What to produce ▸ With the line containing "#5609 = DIRECTION" as the start and the line containing "#19257 = ORIENTED_EDGE" as the end, transcribe that span of the entries below exactly, including both.

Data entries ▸
__________

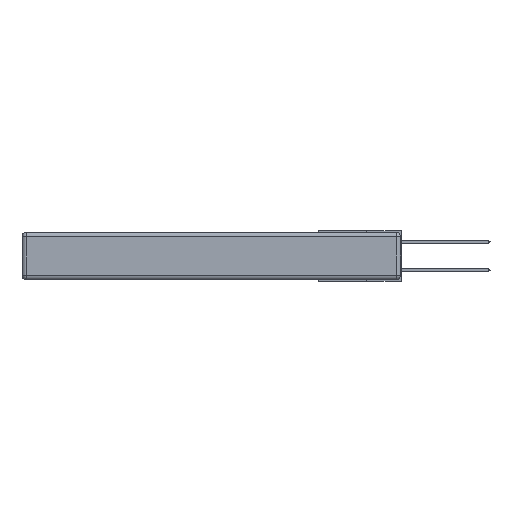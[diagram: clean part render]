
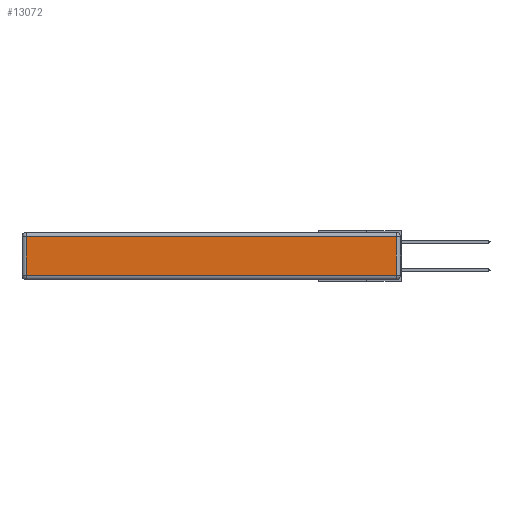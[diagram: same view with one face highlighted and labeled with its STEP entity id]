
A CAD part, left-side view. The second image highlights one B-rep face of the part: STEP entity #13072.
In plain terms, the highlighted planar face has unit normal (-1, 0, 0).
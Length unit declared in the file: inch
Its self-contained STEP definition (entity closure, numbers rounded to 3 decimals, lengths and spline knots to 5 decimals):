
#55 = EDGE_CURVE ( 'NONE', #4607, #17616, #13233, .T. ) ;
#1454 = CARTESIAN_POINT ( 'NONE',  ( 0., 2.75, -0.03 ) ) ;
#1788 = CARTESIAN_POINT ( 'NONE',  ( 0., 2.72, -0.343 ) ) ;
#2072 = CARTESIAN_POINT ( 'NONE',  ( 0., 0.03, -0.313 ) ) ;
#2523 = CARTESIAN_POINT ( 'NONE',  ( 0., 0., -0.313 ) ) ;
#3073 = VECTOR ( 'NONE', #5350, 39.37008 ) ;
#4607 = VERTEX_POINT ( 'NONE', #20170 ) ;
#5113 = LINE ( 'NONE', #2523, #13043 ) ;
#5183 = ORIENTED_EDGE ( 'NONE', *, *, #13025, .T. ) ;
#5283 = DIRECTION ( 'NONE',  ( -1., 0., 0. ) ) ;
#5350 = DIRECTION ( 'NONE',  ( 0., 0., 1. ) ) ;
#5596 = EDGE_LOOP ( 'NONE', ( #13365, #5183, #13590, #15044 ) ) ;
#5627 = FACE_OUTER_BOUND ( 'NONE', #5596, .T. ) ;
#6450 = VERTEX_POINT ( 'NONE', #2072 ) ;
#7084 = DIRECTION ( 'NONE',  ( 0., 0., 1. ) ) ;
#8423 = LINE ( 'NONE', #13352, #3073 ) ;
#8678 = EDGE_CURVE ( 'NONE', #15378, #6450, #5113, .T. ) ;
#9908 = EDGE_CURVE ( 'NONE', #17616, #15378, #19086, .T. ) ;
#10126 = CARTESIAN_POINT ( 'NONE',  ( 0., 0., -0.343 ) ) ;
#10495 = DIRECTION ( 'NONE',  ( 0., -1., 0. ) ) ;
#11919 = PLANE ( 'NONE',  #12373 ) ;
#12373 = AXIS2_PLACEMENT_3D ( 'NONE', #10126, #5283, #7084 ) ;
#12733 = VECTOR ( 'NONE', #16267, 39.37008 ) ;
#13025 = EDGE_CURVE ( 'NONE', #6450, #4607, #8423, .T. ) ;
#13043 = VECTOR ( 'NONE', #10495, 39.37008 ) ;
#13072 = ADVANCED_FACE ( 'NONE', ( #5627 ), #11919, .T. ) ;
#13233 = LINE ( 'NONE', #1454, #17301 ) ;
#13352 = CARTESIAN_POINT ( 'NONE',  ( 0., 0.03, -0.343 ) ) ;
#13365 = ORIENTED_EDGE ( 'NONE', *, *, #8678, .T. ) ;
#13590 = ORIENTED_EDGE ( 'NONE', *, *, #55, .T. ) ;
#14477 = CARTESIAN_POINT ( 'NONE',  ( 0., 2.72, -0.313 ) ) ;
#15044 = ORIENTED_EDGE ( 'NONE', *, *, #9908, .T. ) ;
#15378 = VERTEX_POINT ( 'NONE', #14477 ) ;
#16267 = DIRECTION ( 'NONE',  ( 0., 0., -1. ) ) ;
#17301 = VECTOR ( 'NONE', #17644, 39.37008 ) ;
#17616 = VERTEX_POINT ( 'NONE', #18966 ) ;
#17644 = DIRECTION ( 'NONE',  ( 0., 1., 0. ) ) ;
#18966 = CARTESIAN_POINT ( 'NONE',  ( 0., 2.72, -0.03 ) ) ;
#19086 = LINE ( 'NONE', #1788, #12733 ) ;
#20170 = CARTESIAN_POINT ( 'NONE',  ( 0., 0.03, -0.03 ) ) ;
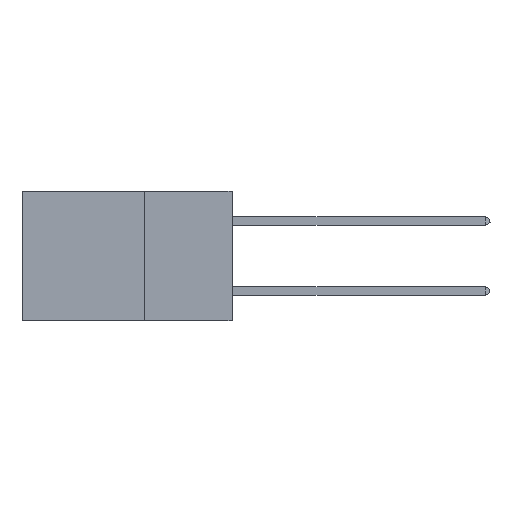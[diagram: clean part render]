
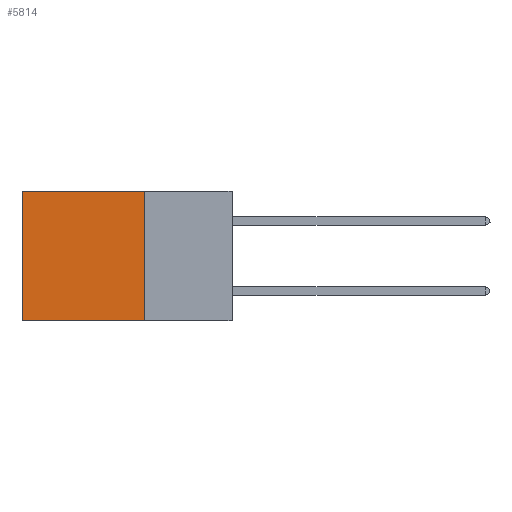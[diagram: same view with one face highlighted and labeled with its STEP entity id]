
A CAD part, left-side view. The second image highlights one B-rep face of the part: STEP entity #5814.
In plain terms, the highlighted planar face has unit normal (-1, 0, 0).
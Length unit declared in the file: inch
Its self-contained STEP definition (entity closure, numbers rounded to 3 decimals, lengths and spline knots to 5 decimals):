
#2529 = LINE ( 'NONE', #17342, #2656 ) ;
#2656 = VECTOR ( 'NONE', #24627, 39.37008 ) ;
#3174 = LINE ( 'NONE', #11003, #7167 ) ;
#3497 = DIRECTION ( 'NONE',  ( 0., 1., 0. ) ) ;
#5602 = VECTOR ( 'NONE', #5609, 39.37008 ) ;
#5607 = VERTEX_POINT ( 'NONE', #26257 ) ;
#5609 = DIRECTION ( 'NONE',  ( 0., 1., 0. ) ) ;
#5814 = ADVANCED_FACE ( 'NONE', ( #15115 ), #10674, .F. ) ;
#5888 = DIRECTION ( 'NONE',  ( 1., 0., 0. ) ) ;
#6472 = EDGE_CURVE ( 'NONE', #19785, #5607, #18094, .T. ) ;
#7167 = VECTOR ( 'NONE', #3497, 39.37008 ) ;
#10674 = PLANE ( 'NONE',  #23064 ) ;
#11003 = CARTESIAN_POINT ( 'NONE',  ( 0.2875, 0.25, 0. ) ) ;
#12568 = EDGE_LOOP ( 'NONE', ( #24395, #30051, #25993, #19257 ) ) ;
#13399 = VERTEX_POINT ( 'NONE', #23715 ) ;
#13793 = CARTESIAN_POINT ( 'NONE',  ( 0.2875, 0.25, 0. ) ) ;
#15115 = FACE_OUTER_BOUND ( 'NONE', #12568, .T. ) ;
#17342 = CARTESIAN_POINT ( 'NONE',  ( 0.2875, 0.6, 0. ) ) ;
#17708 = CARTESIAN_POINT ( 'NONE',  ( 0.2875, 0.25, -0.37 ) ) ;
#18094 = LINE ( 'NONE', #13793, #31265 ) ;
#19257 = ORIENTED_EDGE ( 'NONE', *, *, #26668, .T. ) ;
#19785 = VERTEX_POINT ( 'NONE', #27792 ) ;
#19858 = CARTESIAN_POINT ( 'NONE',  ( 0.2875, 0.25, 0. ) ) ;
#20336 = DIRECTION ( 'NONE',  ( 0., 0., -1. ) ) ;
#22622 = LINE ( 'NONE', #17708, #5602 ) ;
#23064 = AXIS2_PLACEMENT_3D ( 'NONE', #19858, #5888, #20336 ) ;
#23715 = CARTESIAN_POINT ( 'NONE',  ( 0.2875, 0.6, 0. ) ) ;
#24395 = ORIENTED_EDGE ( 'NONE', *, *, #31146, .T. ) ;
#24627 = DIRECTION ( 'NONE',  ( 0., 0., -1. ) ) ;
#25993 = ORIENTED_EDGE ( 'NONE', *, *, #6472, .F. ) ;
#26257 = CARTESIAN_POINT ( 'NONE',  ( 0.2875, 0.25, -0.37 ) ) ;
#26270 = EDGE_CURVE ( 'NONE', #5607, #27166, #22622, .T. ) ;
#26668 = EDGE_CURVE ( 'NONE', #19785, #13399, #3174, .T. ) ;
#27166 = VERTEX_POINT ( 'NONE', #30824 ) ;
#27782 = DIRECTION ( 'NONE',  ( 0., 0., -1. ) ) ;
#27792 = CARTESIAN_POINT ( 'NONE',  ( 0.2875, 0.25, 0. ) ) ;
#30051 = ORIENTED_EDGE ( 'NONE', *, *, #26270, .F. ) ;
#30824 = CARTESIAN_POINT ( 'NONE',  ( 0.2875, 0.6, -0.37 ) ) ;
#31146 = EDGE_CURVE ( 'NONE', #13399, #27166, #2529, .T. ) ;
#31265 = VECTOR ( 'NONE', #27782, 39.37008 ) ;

__________

Task answer ▸
#5609 = DIRECTION ( 'NONE',  ( 0., 1., 0. ) ) ;
#5814 = ADVANCED_FACE ( 'NONE', ( #15115 ), #10674, .F. ) ;
#5888 = DIRECTION ( 'NONE',  ( 1., 0., 0. ) ) ;
#6472 = EDGE_CURVE ( 'NONE', #19785, #5607, #18094, .T. ) ;
#7167 = VECTOR ( 'NONE', #3497, 39.37008 ) ;
#10674 = PLANE ( 'NONE',  #23064 ) ;
#11003 = CARTESIAN_POINT ( 'NONE',  ( 0.2875, 0.25, 0. ) ) ;
#12568 = EDGE_LOOP ( 'NONE', ( #24395, #30051, #25993, #19257 ) ) ;
#13399 = VERTEX_POINT ( 'NONE', #23715 ) ;
#13793 = CARTESIAN_POINT ( 'NONE',  ( 0.2875, 0.25, 0. ) ) ;
#15115 = FACE_OUTER_BOUND ( 'NONE', #12568, .T. ) ;
#17342 = CARTESIAN_POINT ( 'NONE',  ( 0.2875, 0.6, 0. ) ) ;
#17708 = CARTESIAN_POINT ( 'NONE',  ( 0.2875, 0.25, -0.37 ) ) ;
#18094 = LINE ( 'NONE', #13793, #31265 ) ;
#19257 = ORIENTED_EDGE ( 'NONE', *, *, #26668, .T. ) ;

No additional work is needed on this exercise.